La casa es una fea encantadora. Alguien parece haber tirado las habitaciones como si fueran granos de arroz en una boda y tal como cayeron, así se quedaron.
Escaleras y recovecos.
La casa es de otoño, de hojas secas, incluso cruje como ellas cuando la pisas. De sabia y resina, de corteza de árbol. Es como un tronco cuyas hojas son fotografías y pósters.

domingo, 12 de julio de 2009

La vuelta a casa de hoy en día:

Salgo de ese trabajo en el que me pagan 300 euros al mes y el sol madrileño cae sobre el asfalto como una plancha que le va quitando las arrugas a la ciudad. Camino hacia el metro despacio y concentrada en cada paso que doy porque los tacones que llevo comienzan a transformar la parte delantera de las plantas de mis pies en círculos de vitrocerámica a punto para hervir agua. Aun así es un dolor conocido y domesticado que podré aguantar hasta llegar a casa. En realidad no necesito llevar tacones, soy una tía alta y grande, y de hecho tengo muchos problemas para encontrar zapatos de mi número, pero me parecen tan bonitos, tan femeninos, tan... son como llevar unas apetecibles gominolas en los pies, como traer un poco del mundo de Roger Rabbit a este, quiero decir, son irreales, como dibujados sobre los pies de las mujeres. De algunos pies, porque a veces cuando una se sienta en el metro y se fija en los zapatos de la gente, muchas veces se encuentra esos tacones indignos constriñendo los hinchados pies de algunas mujeres ,y eso les quita toda la magia a ellas y a los zapatos. Como yo uso un 42 de pie, como ya he dicho, tengo problemas para encontrar zapatos que no causen ese efecto de opresión, así que cada vez que encuentro unos que me sientan bien me compro dos pares, uno de cada color: rojos y negros, verdes y rojos, negros y beige...


El semáforo se pone en verde y sigo mi camino con pasos suaves y decididos, acompañada por ese ritmo que intento controlar para componer una repetitiva melodía callejera: tac-tac-tac-tarac-tac-tac-tac-tarac... Al final ni la oigo, como cuando te acuestas a dormir o te sientas a estudiar y el sonido de las agujas de un reloj marca los segundos con patas de elefante y al principio es molesto, pero minutos después el elefante parece haberse dormido y ya no se escucha.


De la ancha avenida de Pío XII paso a caminar por pequeñas calles de zonas residenciales.
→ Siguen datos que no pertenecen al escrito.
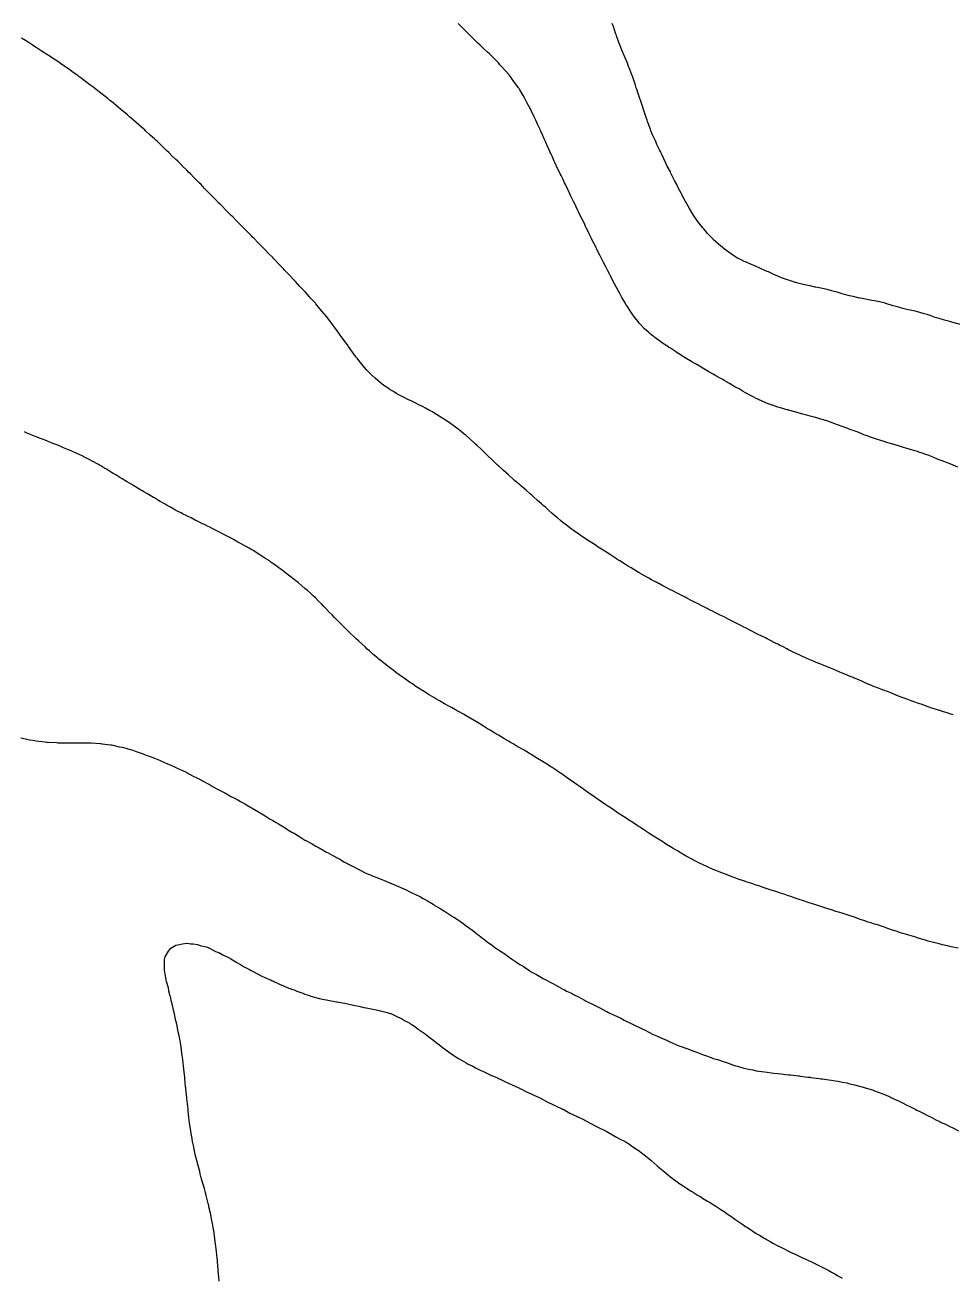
# Model space of a CAD drawing. Extents: x -717078 to -715000, y -984629 to -984000.
# Drawn here: x -716719.5 to -716633.2, y -984265.2 to -984148.7 of the extents above; entities that cross this region are included whole.
import ezdxf

# ---------------------------------------------------------------- set-up
doc = ezdxf.new("R2010")
doc.units = 0
doc.layers.add('buffer_B2_0_1_clip', color=7, linetype='Continuous')

msp = doc.modelspace()

# ---------------------------------------------------------------- linework, layer by layer
at = {"layer": 'buffer_B2_0_1_clip'}
for points in [[(-716632.76, -984189.76), (-716633.4, -984189.5), (-716633.47, -984189.47), (-716633.5, -984189.46), (-716633.56, -984189.44), (-716634.2, -984189.2), (-716634.5, -984189.08), (-716634.91, -984188.91), (-716635.21, -984188.79), (-716635.5, -984188.67), (-716635.63, -984188.63), (-716635.96, -984188.5), (-716636.37, -984188.37), (-716636.5, -984188.32), (-716636.75, -984188.25), (-716637.14, -984188.14), (-716637.5, -984188.03), (-716637.91, -984187.91), (-716638.17, -984187.83), (-716638.5, -984187.73), (-716638.68, -984187.68), (-716639.26, -984187.5), (-716639.45, -984187.45), (-716639.5, -984187.43), (-716639.6, -984187.4), (-716640.21, -984187.21), (-716640.5, -984187.12), (-716640.96, -984186.96), (-716641.1, -984186.9), (-716641.5, -984186.76), (-716641.68, -984186.68), (-716642.13, -984186.5), (-716642.4, -984186.4), (-716642.5, -984186.37), (-716642.71, -984186.29), (-716643.13, -984186.13), (-716643.5, -984185.99), (-716643.86, -984185.86), (-716644.3, -984185.7), (-716644.5, -984185.63), (-716644.59, -984185.59), (-716644.86, -984185.5), (-716645.35, -984185.35), (-716645.5, -984185.31), (-716645.77, -984185.23), (-716646.13, -984185.13), (-716646.5, -984185.02), (-716646.91, -984184.91), (-716647.16, -984184.84), (-716647.5, -984184.75), (-716647.7, -984184.7), (-716648.38, -984184.5), (-716648.48, -984184.48), (-716648.5, -984184.47), (-716648.54, -984184.46), (-716649.26, -984184.26), (-716649.5, -984184.18), (-716649.98, -984184.02), (-716650.01, -984184.01), (-716650.5, -984183.84), (-716650.74, -984183.74), (-716651.24, -984183.5), (-716651.42, -984183.42), (-716651.5, -984183.39), (-716651.73, -984183.27), (-716652.09, -984183.09), (-716652.5, -984182.87), (-716652.73, -984182.73), (-716653.1, -984182.5), (-716653.36, -984182.36), (-716653.5, -984182.29), (-716654, -984182), (-716654, -984182), (-716654.5, -984181.71), (-716654.63, -984181.63), (-716654.85, -984181.5), (-716655.27, -984181.27), (-716655.5, -984181.14), (-716655.91, -984180.91), (-716656.38, -984180.62), (-716656.53, -984180.53), (-716656.57, -984180.5), (-716657.17, -984180.17), (-716657.5, -984179.97), (-716657.8, -984179.8), (-716658.27, -984179.5), (-716658.42, -984179.42), (-716658.5, -984179.36), (-716658.86, -984179.14), (-716659.03, -984179.03), (-716659.5, -984178.72), (-716659.63, -984178.63), (-716659.83, -984178.5), (-716660.23, -984178.23), (-716660.5, -984178.04), (-716660.82, -984177.82), (-716661.21, -984177.5), (-716661.37, -984177.37), (-716661.5, -984177.26), (-716661.9, -984176.9), (-716662.28, -984176.5), (-716662.39, -984176.39), (-716662.5, -984176.24), (-716662.83, -984175.83), (-716663.06, -984175.5), (-716663.25, -984175.25), (-716663.5, -984174.84), (-716663.63, -984174.63), (-716663.71, -984174.5), (-716664, -984174), (-716664, -984174), (-716664.27, -984173.5), (-716664.35, -984173.35), (-716664.5, -984173.07), (-716664.71, -984172.71), (-716664.81, -984172.5), (-716665.05, -984172.05), (-716665.14, -984171.86), (-716665.32, -984171.5), (-716665.38, -984171.38), (-716665.5, -984171.15), (-716665.73, -984170.73), (-716665.84, -984170.5), (-716666.06, -984170.06), (-716666.17, -984169.83), (-716666.33, -984169.5), (-716666.39, -984169.39), (-716666.5, -984169.15), (-716666.73, -984168.73), (-716666.84, -984168.5), (-716667.06, -984168.06), (-716667.15, -984167.85), (-716667.32, -984167.5), (-716667.38, -984167.38), (-716667.5, -984167.11), (-716667.71, -984166.71), (-716667.82, -984166.5), (-716668.04, -984166.04), (-716668.11, -984165.89), (-716668.29, -984165.5), (-716668.36, -984165.36), (-716668.5, -984165.06), (-716668.69, -984164.69), (-716668.79, -984164.5), (-716669.02, -984164.02), (-716669.05, -984163.95), (-716669.26, -984163.5), (-716669.34, -984163.34), (-716669.5, -984162.97), (-716669.66, -984162.66), (-716669.74, -984162.5), (-716669.96, -984162.04), (-716669.99, -984161.99), (-716670.21, -984161.5), (-716670.3, -984161.3), (-716670.5, -984160.84), (-716670.61, -984160.61), (-716670.67, -984160.5), (-716670.82, -984160.18), (-716670.94, -984159.94), (-716671.13, -984159.5), (-716671.24, -984159.24), (-716671.5, -984158.64), (-716671.55, -984158.55), (-716671.57, -984158.5), (-716671.62, -984158.38), (-716671.87, -984157.87), (-716672.03, -984157.5), (-716672.18, -984157.18), (-716672.47, -984156.53), (-716672.49, -984156.5), (-716672.49, -984156.49), (-716672.5, -984156.47), (-716672.85, -984155.85), (-716673.03, -984155.5), (-716673.2, -984155.2), (-716673.5, -984154.68), (-716673.57, -984154.57), (-716673.63, -984154.5), (-716673.98, -984154.02), (-716674, -984154), (-716674.35, -984153.5), (-716674.41, -984153.41), (-716674.5, -984153.3), (-716674.88, -984152.88), (-716675.21, -984152.5), (-716675.35, -984152.35), (-716675.5, -984152.17), (-716675.84, -984151.84), (-716676.18, -984151.5), (-716676.34, -984151.34), (-716676.5, -984151.18), (-716676.86, -984150.86), (-716677.23, -984150.5), (-716677.37, -984150.37), (-716677.5, -984150.24), (-716677.88, -984149.88), (-716678.26, -984149.5), (-716678.38, -984149.38), (-716678.5, -984149.26), (-716678.88, -984148.88), (-716679.25, -984148.5)], [(-716632.5, -984176.5), (-716633.3, -984176.3), (-716633.5, -984176.24), (-716633.87, -984176.13), (-716634.08, -984176.08), (-716634.5, -984175.95), (-716634.85, -984175.85), (-716635.33, -984175.67), (-716635.5, -984175.62), (-716635.59, -984175.59), (-716635.87, -984175.5), (-716636.37, -984175.37), (-716636.5, -984175.34), (-716636.72, -984175.28), (-716637.18, -984175.18), (-716637.5, -984175.1), (-716637.98, -984174.98), (-716638.04, -984174.96), (-716638.5, -984174.83), (-716638.76, -984174.76), (-716639.46, -984174.54), (-716639.5, -984174.53), (-716639.52, -984174.52), (-716639.61, -984174.5), (-716640.34, -984174.34), (-716640.5, -984174.31), (-716640.74, -984174.26), (-716641.18, -984174.18), (-716641.5, -984174.11), (-716641.98, -984174.02), (-716642.01, -984174.01), (-716642.5, -984173.91), (-716642.84, -984173.84), (-716643.29, -984173.71), (-716643.5, -984173.66), (-716643.62, -984173.62), (-716643.99, -984173.5), (-716644.39, -984173.39), (-716644.5, -984173.36), (-716644.69, -984173.31), (-716645.2, -984173.2), (-716645.5, -984173.12), (-716645.97, -984173.03), (-716646.02, -984173.02), (-716646.5, -984172.92), (-716646.85, -984172.85), (-716647.26, -984172.74), (-716647.5, -984172.69), (-716647.65, -984172.65), (-716648.13, -984172.5), (-716648.42, -984172.42), (-716648.5, -984172.39), (-716648.68, -984172.32), (-716649.15, -984172.15), (-716649.5, -984172), (-716649.86, -984171.86), (-716650.38, -984171.62), (-716650.5, -984171.57), (-716650.55, -984171.55), (-716650.64, -984171.5), (-716651.24, -984171.24), (-716651.5, -984171.11), (-716651.94, -984170.94), (-716652.16, -984170.84), (-716652.5, -984170.69), (-716652.64, -984170.64), (-716652.9, -984170.5), (-716653.3, -984170.3), (-716653.5, -984170.18), (-716653.91, -984169.91), (-716654.47, -984169.5), (-716654.49, -984169.49), (-716654.5, -984169.47), (-716654.65, -984169.35), (-716655.03, -984169.03), (-716655.5, -984168.59), (-716655.55, -984168.55), (-716655.59, -984168.5), (-716656.03, -984168.03), (-716656.38, -984167.62), (-716656.48, -984167.5), (-716656.49, -984167.49), (-716656.5, -984167.48), (-716656.93, -984166.93), (-716657.24, -984166.5), (-716657.34, -984166.34), (-716657.5, -984166.08), (-716657.72, -984165.72), (-716657.84, -984165.5), (-716658.08, -984165.08), (-716658.27, -984164.73), (-716658.39, -984164.5), (-716658.43, -984164.43), (-716658.5, -984164.29), (-716658.78, -984163.78), (-716658.9, -984163.5), (-716659.11, -984163.11), (-716659.32, -984162.68), (-716659.41, -984162.5), (-716659.44, -984162.44), (-716659.5, -984162.32), (-716659.78, -984161.78), (-716659.91, -984161.5), (-716660.1, -984161.1), (-716660.3, -984160.7), (-716660.4, -984160.5), (-716660.43, -984160.43), (-716660.5, -984160.27), (-716660.75, -984159.75), (-716660.86, -984159.5), (-716661.06, -984159.06), (-716661.15, -984158.85), (-716661.3, -984158.5), (-716661.36, -984158.36), (-716661.5, -984157.95), (-716661.63, -984157.63), (-716661.67, -984157.5), (-716661.75, -984157.25), (-716661.88, -984156.88), (-716661.99, -984156.5), (-716662.12, -984156.12), (-716662.26, -984155.74), (-716662.34, -984155.5), (-716662.38, -984155.38), (-716662.5, -984155.01), (-716662.63, -984154.63), (-716662.67, -984154.5), (-716662.75, -984154.25), (-716662.88, -984153.88), (-716663, -984153.5), (-716663.14, -984153.14), (-716663.31, -984152.69), (-716663.38, -984152.5), (-716663.42, -984152.42), (-716663.5, -984152.19), (-716663.71, -984151.71), (-716663.79, -984151.5), (-716664, -984151), (-716664, -984151), (-716664.2, -984150.5), (-716664.28, -984150.28), (-716664.5, -984149.66), (-716664.54, -984149.54), (-716664.56, -984149.5), (-716664.59, -984149.41), (-716664.8, -984148.8), (-716664.9, -984148.5)], [(-716633.19, -984212.81), (-716633.5, -984212.71), (-716633.66, -984212.66), (-716634.17, -984212.5), (-716634.42, -984212.42), (-716634.5, -984212.4), (-716634.65, -984212.35), (-716635.18, -984212.18), (-716635.5, -984212.07), (-716635.92, -984211.92), (-716636.17, -984211.83), (-716636.5, -984211.71), (-716636.66, -984211.66), (-716637.08, -984211.5), (-716637.39, -984211.39), (-716637.5, -984211.35), (-716637.75, -984211.25), (-716638.12, -984211.12), (-716638.5, -984210.97), (-716638.84, -984210.84), (-716639.38, -984210.62), (-716639.5, -984210.57), (-716639.55, -984210.55), (-716639.69, -984210.5), (-716640.28, -984210.28), (-716640.5, -984210.19), (-716640.99, -984209.99), (-716641.02, -984209.98), (-716641.5, -984209.78), (-716641.69, -984209.69), (-716642.13, -984209.5), (-716642.39, -984209.39), (-716642.5, -984209.35), (-716642.77, -984209.23), (-716643.1, -984209.1), (-716643.5, -984208.92), (-716643.8, -984208.8), (-716644.49, -984208.51), (-716644.5, -984208.5), (-716644.5, -984208.5), (-716644.51, -984208.5), (-716645.22, -984208.22), (-716645.5, -984208.11), (-716645.93, -984207.93), (-716646.17, -984207.83), (-716646.5, -984207.69), (-716646.63, -984207.63), (-716646.91, -984207.5), (-716647.32, -984207.32), (-716647.5, -984207.23), (-716648, -984207), (-716648, -984207), (-716648.5, -984206.76), (-716648.67, -984206.67), (-716649, -984206.5), (-716649.34, -984206.34), (-716649.5, -984206.25), (-716649.99, -984206.01), (-716650, -984206), (-716650.5, -984205.75), (-716650.66, -984205.66), (-716650.98, -984205.5), (-716651.33, -984205.33), (-716651.5, -984205.24), (-716651.99, -984204.99), (-716652.03, -984204.97), (-716652.5, -984204.73), (-716652.65, -984204.65), (-716652.94, -984204.5), (-716653.31, -984204.31), (-716653.5, -984204.22), (-716653.98, -984203.98), (-716654.07, -984203.93), (-716654.5, -984203.71), (-716654.64, -984203.64), (-716654.92, -984203.5), (-716655.31, -984203.31), (-716655.5, -984203.21), (-716655.97, -984202.97), (-716656.08, -984202.92), (-716656.5, -984202.71), (-716656.64, -984202.64), (-716656.9, -984202.5), (-716657.3, -984202.3), (-716657.5, -984202.2), (-716657.96, -984201.96), (-716658.12, -984201.88), (-716658.5, -984201.68), (-716658.62, -984201.62), (-716658.85, -984201.5), (-716659.28, -984201.28), (-716659.5, -984201.17), (-716659.94, -984200.94), (-716660.2, -984200.8), (-716660.5, -984200.64), (-716660.59, -984200.59), (-716660.77, -984200.5), (-716661.25, -984200.25), (-716661.5, -984200.11), (-716661.89, -984199.89), (-716662.4, -984199.6), (-716662.5, -984199.54), (-716662.53, -984199.53), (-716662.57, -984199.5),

Parece que por un momento Madrid desaparece, el ruido de los coches calla, los altos edificios han sido talados y sustituidos por árboles, hiedras trepadoras y arbustos que crecen en jardines particulares. En un cartel pone “Prohibido el paso de coches ajenos a la zona” o algo así, y me fijo en que en cada posible entrada de vehículos han puesto vallas como las de los parkings. Cámaras en las esquinas de muchas de las casas hacen que el zoo esté seguro y controlado.


Las casas vecinas son casi todas grandes y ausentes. Son tan delicadas y espectrales que parecen no estar. Me gusta imaginar que una que hace esquina es mía. Cuando paso frente al portalón de entrada a veces, si las persianas están subidas, puedo ver lámparas y partes de muebles de madera, la esquina o la mitad de un cuadro, la tela de una cortina, libros, un jarrón con un portarretratos al lado en el que imagino una fotografía luminosa de nuestro último viaje juntos. Imagino eso mientras voy hacia mi casa de 30 metros cuadrados. Camino a la sombra de los jardines aprendiéndome las casas. La acera está llena de pequeñas flores verdosas que la cubren como un párpado, una acera dormida. Ahora, sobre las flores, mis pasos suenan amortiguados, como si bajo un ruidoso grifo que gotea hubieran puesto un trozo de papel higiénico o una toallita desmaquillante. Como un silenciador en una pistola.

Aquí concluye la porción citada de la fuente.